Setup 2: T4 GPU + Low-End GPU Backup

Hardware:
T4 GPU (16 GB VRAM)
Additional GPU (e.g., NVIDIA GTX 1660, 6 GB VRAM)
Enhanced CPU
Allocation:
T4 GPU: LLM (6 GB), TTS (4.5 GB), VLM (4 GB) = 14.5 GB
GTX 1660: Available for overflow or future tasks
CPU: ASR (1 GB), Translation (3 GB)
Pros:
Maintains current workload on T4 with backup capacity.
Cost-effective redundancy.
Cons:
GTX 1660 (6 GB) insufficient for full VLM + LLM + TTS if offloaded.
Minor increase in power/space needs.

Setup 3: Upgrade to A100 GPU

Hardware: NVIDIA A100 (40 GB or 80 GB VRAM), Enhanced CPU
Allocation:
GPU: LLM (6 GB), TTS (4.5 GB), VLM (4 GB) = 14.5 GB, plus headroom
CPU: ASR (1 GB), Translation (3 GB)
Pros:
Significant VRAM capacity (25.5 GB or 65.5 GB remaining) for scalability, training, or multi-instance support.
Future-proof for growing workloads.
Cons:
Higher cost.
Overkill for current 14.5 GB requirement.
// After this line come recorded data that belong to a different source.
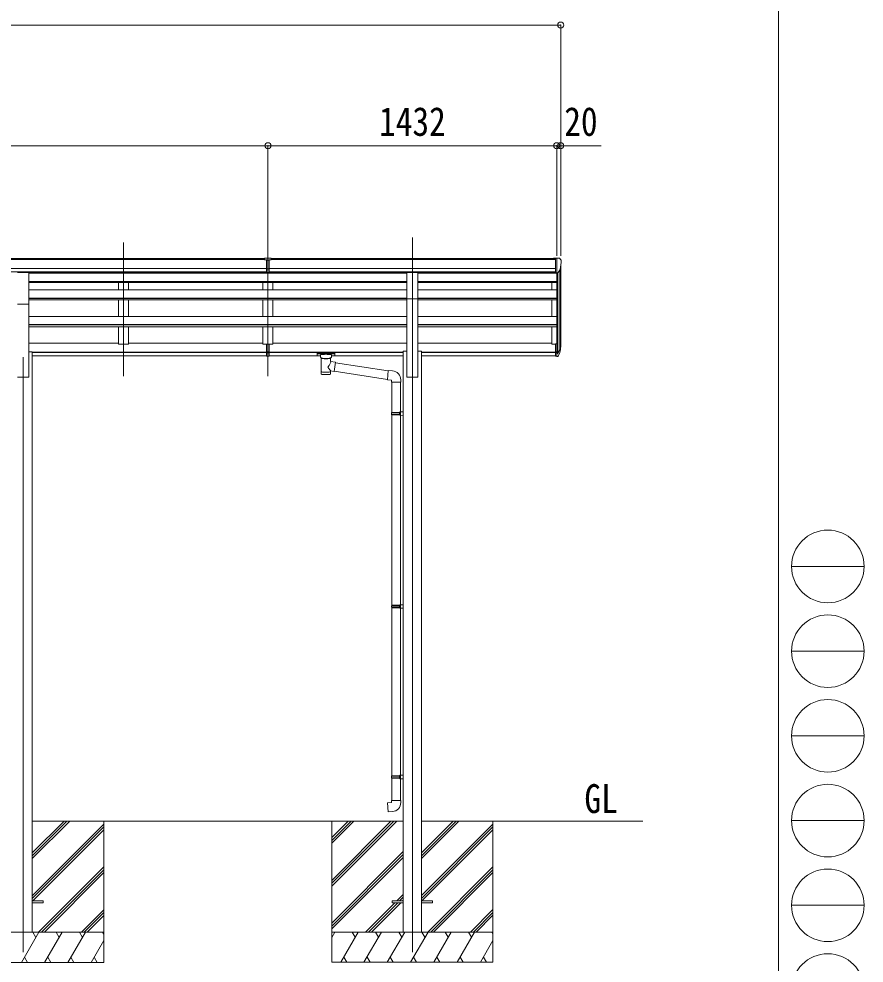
# Model space of a CAD drawing. Units: millimetres at full size, sheet at 1:30. Extents: x -8385 to 8479, y -5853 to 5787.
# Drawn here: x 4287 to 8479, y -3049 to 1632 of the extents above; entities that cross this region are included whole.
import ezdxf
from ezdxf.enums import TextEntityAlignment as Align

# ---------------------------------------------------------------- set-up
doc = ezdxf.new("R2010")
doc.units = ezdxf.units.MM
doc.header["$LTSCALE"] = 30
doc.header["$PDMODE"] = 32
doc.header["$PDSIZE"] = 30
for name, color, linetype, lineweight in [('0-0_0', 7, 'Continuous', 9), ('0-1_本体', 4, 'Continuous', 9), ('0-2_部品', 7, 'Continuous', 9), ('0-8_PARTS2', 2, 'Continuous', 9), ('0-A_寸法', 6, 'Continuous', 9), ('F-0_240', 7, 'Continuous', 9)]:
    doc.layers.add(name, color=color, linetype=linetype, lineweight=lineweight)
doc.styles.add('ＭＳ ゴシック', font='')
doc.styles.get('ＭＳ ゴシック').set_extended_font_data('MS Gothic')

msp = doc.modelspace()

# ---------------------------------------------------------------- linework, layer by layer
at = {"layer": '0-0_0'}
for p, q in [((4353.33, -2531.1), (4538.96, -2345.47)), ((4353.33, -2516.96), (4524.82, -2345.47)), ((4353.33, -2502.82), (4510.68, -2345.47)), ((4353.33, -2345.47), (6192.93, -2345.47)), ((4353.33, -2714.95), (4708.13, -2360.15)), ((4353.33, -2729.09), (4708.13, -2374.29)), ((4708.13, -2345.47), (4708.13, -3045.47)), ((5838.13, -2345.04), (5838.13, -3045.04)), ((5838.13, -2639.22), (6132.31, -2345.04)), ((5838.13, -2653.36), (6146.45, -2345.04)), ((5838.13, -2667.5), (6160.59, -2345.04)), ((5838.13, -2455.37), (5948.46, -2345.04)), ((5838.13, -2441.23), (5934.32, -2345.04)), ((5838.13, -2427.09), (5920.18, -2345.04)), ((7381.61, -2345.04), (6283.33, -2345.04)), ((6283.33, -2530.67), (6468.96, -2345.04)), ((6283.33, -2516.53), (6454.82, -2345.04)), ((6283.33, -2502.39), (6440.68, -2345.04)), ((6283.33, -2714.52), (6638.13, -2359.72)), ((6283.33, -2728.66), (6638.13, -2373.86)), ((6638.13, -2345.04), (6638.13, -3045.04)), ((4355.59, -2740.97), (4708.13, -2388.44)), ((6285.59, -2740.54), (6638.13, -2388)), ((5838.13, -2851.35), (6192.93, -2496.55)), ((5838.13, -2865.49), (6192.93, -2510.69)), ((5838.13, -2879.63), (6192.93, -2524.84)), ((4384.94, -2895.47), (4708.13, -2572.28)), ((6314.94, -2895.04), (6638.13, -2571.85)), ((4399.08, -2895.47), (4708.13, -2586.43)), ((4413.23, -2895.47), (4708.13, -2600.57)), ((6329.08, -2895.04), (6638.13, -2585.99)), ((6343.22, -2895.04), (6638.13, -2600.14)), ((6161.07, -2740.54), (6192.93, -2708.68)), ((6006.57, -2895.04), (6152.07, -2749.54)), ((6020.71, -2895.04), (6166.21, -2749.54)), ((6034.86, -2895.04), (6180.36, -2749.54)), ((6175.21, -2740.54), (6192.93, -2722.83)), ((6189.36, -2740.54), (6192.93, -2736.97)), ((4597.07, -2895.47), (4708.13, -2784.41)), ((4611.22, -2895.47), (4708.13, -2798.56)), ((6527.07, -2895.04), (6638.13, -2783.98)), ((6541.21, -2895.04), (6638.13, -2798.13)), ((4625.36, -2895.47), (4708.13, -2812.7)), ((6555.36, -2895.04), (6638.13, -2812.27)), ((4708.13, -2895.47), (3908.13, -2895.47)), ((4299.29, -3045.47), (4385.89, -2895.47)), ((4370.89, -2921.45), (4355.89, -2895.47)), ((4414.76, -3045.47), (4501.36, -2895.47)), ((4486.36, -2921.45), (4471.36, -2895.47)), ((4530.23, -3045.47), (4616.83, -2895.47)), ((4586.83, -2895.47), (4601.83, -2921.45)), ((4702.3, -2895.47), (4708.13, -2905.57)), ((6638.13, -2895.04), (5838.13, -2895.04)), ((5838.13, -2922.54), (5854.01, -2895.04)), ((5882.88, -3045.04), (5969.48, -2895.04)), ((5954.48, -2921.02), (5939.48, -2895.04)), ((5998.35, -3045.04), (6084.95, -2895.04)), ((6069.95, -2921.02), (6054.95, -2895.04)), ((6113.82, -3045.04), (6200.42, -2895.04)), ((6185.42, -2921.02), (6170.42, -2895.04)), ((6229.29, -3045.04), (6315.89, -2895.04)), ((6300.89, -2921.02), (6285.89, -2895.04)), ((6344.76, -3045.04), (6431.36, -2895.04)), ((6416.36, -2921.02), (6401.36, -2895.04)), ((6460.23, -3045.04), (6546.83, -2895.04)), ((6516.83, -2895.04), (6531.83, -2921.02)), ((6632.3, -2895.04), (6638.13, -2905.14)), ((4645.7, -3045.47), (4708.13, -2937.33)), ((6575.7, -3045.04), (6638.13, -2936.9)), ((4314.29, -3019.49), (4329.29, -3045.47)), ((4429.76, -3019.49), (4444.76, -3045.47)), ((4545.23, -3019.49), (4560.23, -3045.47)), ((4660.7, -3019.49), (4675.7, -3045.47)), ((5897.88, -3019.06), (5912.87, -3045.04)), ((6013.35, -3019.06), (6028.34, -3045.04)), ((6128.82, -3019.06), (6143.82, -3045.04)), ((6244.29, -3019.06), (6259.29, -3045.04)), ((6359.76, -3019.06), (6374.76, -3045.04)), ((6475.23, -3019.06), (6490.23, -3045.04)), ((6590.7, -3019.06), (6605.69, -3045.04)), ((3908.13, -3045.47), (4708.13, -3045.47)), ((5838.13, -3045.04), (6638.13, -3045.04))]:
    msp.add_line(p, q, dxfattribs=at)
at = {"layer": '0-1_本体'}
for p, q in [((-199.37, 443.53), (5505.63, 443.53)), ((-199.37, 438.18), (5505.63, 438.18)), ((5538.63, 443.53), (6947.63, 443.53)), ((5538.63, 438.18), (6947.63, 438.18)), ((-199.37, 394.65), (5515.63, 394.65)), ((-199.37, 376.98), (5515.63, 376.98)), ((4335.63, 374.61), (5515.63, 374.61)), ((4781.13, 374.61), (4781.13, 371.61)), ((4831.13, 374.61), (4831.13, 371.61)), ((5497.13, 374.61), (5497.13, 371.61)), ((5528.63, 394.65), (6947.63, 394.65)), ((5528.63, 376.98), (6947.63, 376.98)), ((5528.63, 374.61), (6210.63, 374.61)), ((5547.13, 374.61), (5547.13, 371.61)), ((6265.63, 374.61), (6947.63, 374.61)), ((6969.85, 387.98), (6969.85, -4.78)), ((6974.13, 17.8), (6974.13, 406.78)), ((4335.63, 371.61), (5522.13, 371.61)), ((5522.13, 329.45), (4335.63, 329.45)), ((5522.13, 328.06), (4335.63, 328.06)), ((5522.13, 371.61), (6210.63, 371.61)), ((5522.13, 324.28), (5522.13, 371.61)), ((5522.13, 329.45), (6210.63, 329.45)), ((5522.13, 328.06), (6210.63, 328.06)), ((6265.63, 371.61), (6954.13, 371.61)), ((6265.63, 329.45), (6954.13, 329.45)), ((6265.63, 328.06), (6954.13, 328.06)), ((6954.13, 372.15), (6954.13, 21.65)), ((6960.13, 372.62), (6960.13, -22.78)), ((5522.13, 324.28), (4335.63, 324.28)), ((5522.13, 288.21), (4335.63, 288.21)), ((4781.13, 324.28), (4781.13, 288.21)), ((4831.13, 324.28), (4831.13, 288.21)), ((5497.13, 324.28), (5497.13, 288.21)), ((5522.13, 324.28), (6210.63, 324.28)), ((5522.13, 288.21), (6210.63, 288.21)), ((5522.13, 239.2), (5522.13, 288.21)), ((5547.13, 324.28), (5547.13, 288.21)), ((6265.63, 324.28), (6954.13, 324.28)), ((6265.63, 288.21), (6954.13, 288.21)), ((6929.13, 288.21), (6929.13, 324.37)), ((5522.13, 247.47), (4335.63, 247.47)), ((5522.13, 245.99), (4335.63, 245.99)), ((4335.63, -145.04), (4335.63, 243.19)), ((5522.13, 239.2), (4335.63, 239.2)), ((4781.13, 239.2), (4781.13, 155.84)), ((4831.13, 239.2), (4831.13, 155.84)), ((5497.13, 239.2), (5497.13, 155.84)), ((5522.13, 247.47), (6210.63, 247.47)), ((5522.13, 245.99), (6210.63, 245.99)), ((5522.13, 239.2), (6210.63, 239.2)), ((5547.13, 239.2), (5547.13, 155.84)), ((6210.63, -145.04), (6210.63, 243.19)), ((6265.63, 247.47), (6954.13, 247.47)), ((6265.63, 245.99), (6954.13, 245.99)), ((6265.63, -145.04), (6265.63, 243.19)), ((6265.63, 239.2), (6954.13, 239.2)), ((6929.13, 155.84), (6929.13, 239.18)), ((4335.63, 155.84), (5522.13, 155.84)), ((5522.13, 155.84), (6210.63, 155.84)), ((5522.13, 155.84), (5522.13, 105.5)), ((6265.63, 155.84), (6954.13, 155.84)), ((5522.13, 116.63), (4335.63, 116.63)), ((5522.13, 115.16), (4335.63, 115.16)), ((5522.13, 105.5), (4335.63, 105.5)), ((4781.13, 105.67), (4781.13, 19.43)), ((4831.13, 105.67), (4831.13, 19.43)), ((5497.13, 105.67), (5497.13, 19.43)), ((5522.13, 116.63), (6210.63, 116.63)), ((5522.13, 115.16), (6210.63, 115.16)), ((5522.13, 105.5), (6210.63, 105.5)), ((5547.13, 105.67), (5547.13, 19.43)), ((6265.63, 116.63), (6954.13, 116.63)), ((6265.63, 115.16), (6954.13, 115.16)), ((6265.63, 105.5), (6954.13, 105.5)), ((6929.13, 19.43), (6929.13, 105.5)), ((4335.63, 24.25), (4781.13, 24.25)), ((4831.13, 19.45), (4781.13, 19.45)), ((4831.13, 24.25), (5497.13, 24.25)), ((5547.13, 19.45), (5497.13, 19.45)), ((5547.13, 24.25), (6210.63, 24.25)), ((6265.63, 24.25), (6929.13, 24.25)), ((6929.13, 19.45), (6947.63, 19.45)), ((4335.63, -18.66), (4353.33, -18.66)), ((4353.33, -18.66), (4353.33, -2895.04)), ((4353.33, -20.06), (5515.63, -20.06)), ((4353.33, -21.44), (5515.63, -21.44)), ((4353.33, -38.62), (5515.63, -38.62)), ((5528.63, -20.06), (6192.93, -20.06)), ((5528.63, -21.44), (6192.93, -21.44)), ((5528.63, -38.62), (5782.63, -38.62)), ((5836.63, -38.62), (6192.93, -38.62)), ((6192.93, -15.04), (6192.93, -2895.04)), ((6192.93, -15.04), (6210.63, -15.04)), ((6265.63, -15.04), (6283.33, -15.04)), ((6283.33, -15.04), (6283.33, -2895.04)), ((6283.33, -20.06), (6947.63, -20.06)), ((6283.33, -21.44), (6947.63, -21.44)), ((6283.33, -38.62), (6947.63, -38.62)), ((4280.63, -145.04), (4335.63, -145.04)), ((6210.63, -145.04), (6265.63, -145.04))]:
    msp.add_line(p, q, dxfattribs=at)
at = {"layer": '0-2_部品'}
for p, q in [((5505.63, 437.1), (5505.63, 444.94)), ((5505.63, 437.1), (5515.63, 437.1)), ((5522.13, 436.28), (5515.63, 436.68)), ((5515.63, 435.1), (5528.63, 435.1)), ((5528.63, 436.62), (5522.13, 436.3)), ((5528.63, 373.47), (5528.63, 438.75)), ((6947.63, 445.13), (6937.63, 445.04)), ((6937.63, 443.53), (6937.63, 445.04)), ((6947.63, 373.15), (6947.63, 445.13)), ((6966.13, 445.13), (6947.63, 445.13)), ((6954.13, 372.15), (6954.13, 445.13)), ((6966.13, 445.13), (6968.46, 444.99)), ((6969.22, 444.56), (6973.29, 438.76)), ((6976.13, 435.76), (6976.13, 435.13)), ((4280.63, 375.26), (4335.63, 375.26)), ((4335.63, 218.31), (4335.63, 375.26)), ((5515.63, 393.58), (5522.13, 393.41)), ((5515.63, 374.53), (5522.13, 374.14)), ((5522.13, 393.41), (5528.63, 393.58)), ((5522.13, 374.14), (5528.63, 374.53)), ((6210.63, 375.26), (6265.63, 375.26)), ((6210.63, 243.19), (6210.63, 375.26)), ((6265.63, 243.19), (6265.63, 375.26)), ((6961.76, 373.96), (6971.03, 390.03)), ((6947.63, 373.15), (6954.13, 373.15)), ((6954.13, 372.15), (6959.34, 372.47)), ((6210.63, 243.19), (6265.63, 243.19)), ((4280.63, 218.31), (4335.63, 218.31)), ((5515.63, -18.06), (5515.63, 19.43)), ((5522.13, 24.23), (5522.13, 24.23)), ((5528.63, -18.06), (5528.63, 19.43)), ((6947.63, 20.25), (6947.63, -40.81)), ((6947.63, 20.25), (6954.13, 20.25)), ((6954.13, 20.25), (6954.13, -41.63)), ((5515.63, -18.06), (5528.63, -18.06)), ((5515.63, -40.3), (5515.63, -18.06)), ((5515.63, -23.46), (5528.63, -23.46)), ((5515.63, -39.24), (5522.13, -39.63)), ((5522.13, -39.63), (5528.63, -39.24)), ((5528.63, -40.3), (5528.63, -18.06)), ((5766.13, -26.52), (5766.13, -37.28)), ((5766.13, -26.71), (5766.13, -28.25)), ((5768.13, -25.86), (5851.13, -25.86)), ((5768.13, -28.03), (5851.13, -28.03)), ((5768.13, -37.94), (5782.63, -37.94)), ((5782.63, -44.75), (5782.63, -34.48)), ((5836.63, -44.75), (5836.63, -34.48)), ((5836.63, -37.94), (5851.13, -37.94)), ((5853.13, -26.52), (5853.13, -37.28)), ((6947.63, -18.06), (6954.13, -18.06)), ((6947.63, -23.46), (6954.13, -23.46)), ((6947.63, -40.81), (6954.13, -40.81)), ((6954.13, -24.46), (6959.27, -24.46)), ((6954.13, -26.46), (6958.98, -26.46)), ((6954.13, -41.63), (6958.98, -41.63)), ((6960.56, -23.71), (6970.32, -5.29)), ((6971.74, -5.79), (6961.57, -24.96)), ((6969.15, -22.64), (6961.57, -40.13)), ((5786.73, -49.25), (5786.71, -129.54)), ((5832.53, -66.82), (5832.53, -49.24)), ((5857.75, -70.73), (5832.53, -66.82)), ((5857.75, -70.73), (5850.73, -115.99)), ((6118.84, -113.3), (5857.44, -72.75)), ((5832.55, -129.54), (5832.53, -112.92)), ((5832.53, -113.17), (5850.73, -115.99)), ((6115.17, -155.23), (5851, -114.25)), ((6139.85, -113.12), (6119.02, -111.29)), ((6134.93, -168.86), (6180.93, -168.86)), ((6136.93, -168.86), (6136.93, -319.1)), ((6178.93, -168.86), (6178.93, -316.54)), ((6180.93, -168.86), (6180.93, -157.94)), ((6134.93, -321.1), (6135.93, -319.1)), ((6134.93, -321.1), (6178.93, -321.1)), ((6134.93, -321.1), (6134.93, -329.1)), ((6135.93, -319.1), (6178.93, -319.1)), ((6174.45, -321.1), (6174.02, -319.1)), ((6176.93, -316.6), (6192.93, -316.13)), ((6176.93, -318.6), (6176.93, -316.6)), ((6176.93, -318.6), (6178.93, -318.6)), ((6192.93, -316.13), (6192.93, -334.07)), ((6134.93, -329.1), (6178.93, -329.1)), ((6134.93, -329.1), (6135.93, -331.1)), ((6135.93, -331.1), (6178.93, -331.1)), ((6136.93, -331.1), (6136.93, -1275.29)), ((6176.93, -333.6), (6176.93, -331.6)), ((6176.93, -333.6), (6192.93, -334.07)), ((6178.93, -333.66), (6178.93, -1272.73)), ((6134.93, -1277.29), (6135.93, -1275.29)), ((6134.93, -1277.29), (6178.93, -1277.29)), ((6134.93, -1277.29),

Setup 4: Multi-T4 GPU Cluster

Hardware: 2x T4 GPUs (32 GB VRAM total), Enhanced CPU
Allocation:
T4 GPU 1: LLM (6 GB), TTS (4.5 GB) = 10.5 GB
T4 GPU 2: VLM (4 GB), potential overflow
CPU: ASR (1 GB), Translation (3 GB)
Pros:
Distributes load across GPUs for flexibility (21.5 GB remaining total).
Redundancy and scalability.
Cons:
Increased cost and complexity.
Requires multi-GPU optimization.

Recommendations

Short-Term: Use Setup 1 (current T4 GPU + CPU). The T4’s 16 GB VRAM supports VLM (4 GB), LLM (6 GB), and TTS (4.5 GB) with 1.5 GB to spare, while CPU handles ASR and Translation.
Mid-Term: Adopt Setup 2 if minor redundancy or future overflow capacity is needed without major investment.
Long-Term: Transition to Setup 3 (A100) or Setup 4 (Multi-T4) for significant growth, such as training LLMs or expanding VLM/TTS usage.

Next Steps

Benchmark T4 performance with VLM + LLM + TTS at 14.5 GB to ensure stability.
Evaluate latency/throughput needs to determine if 1.5 GB headroom suffices.
Assess budget and growth plans to prioritize upgrades.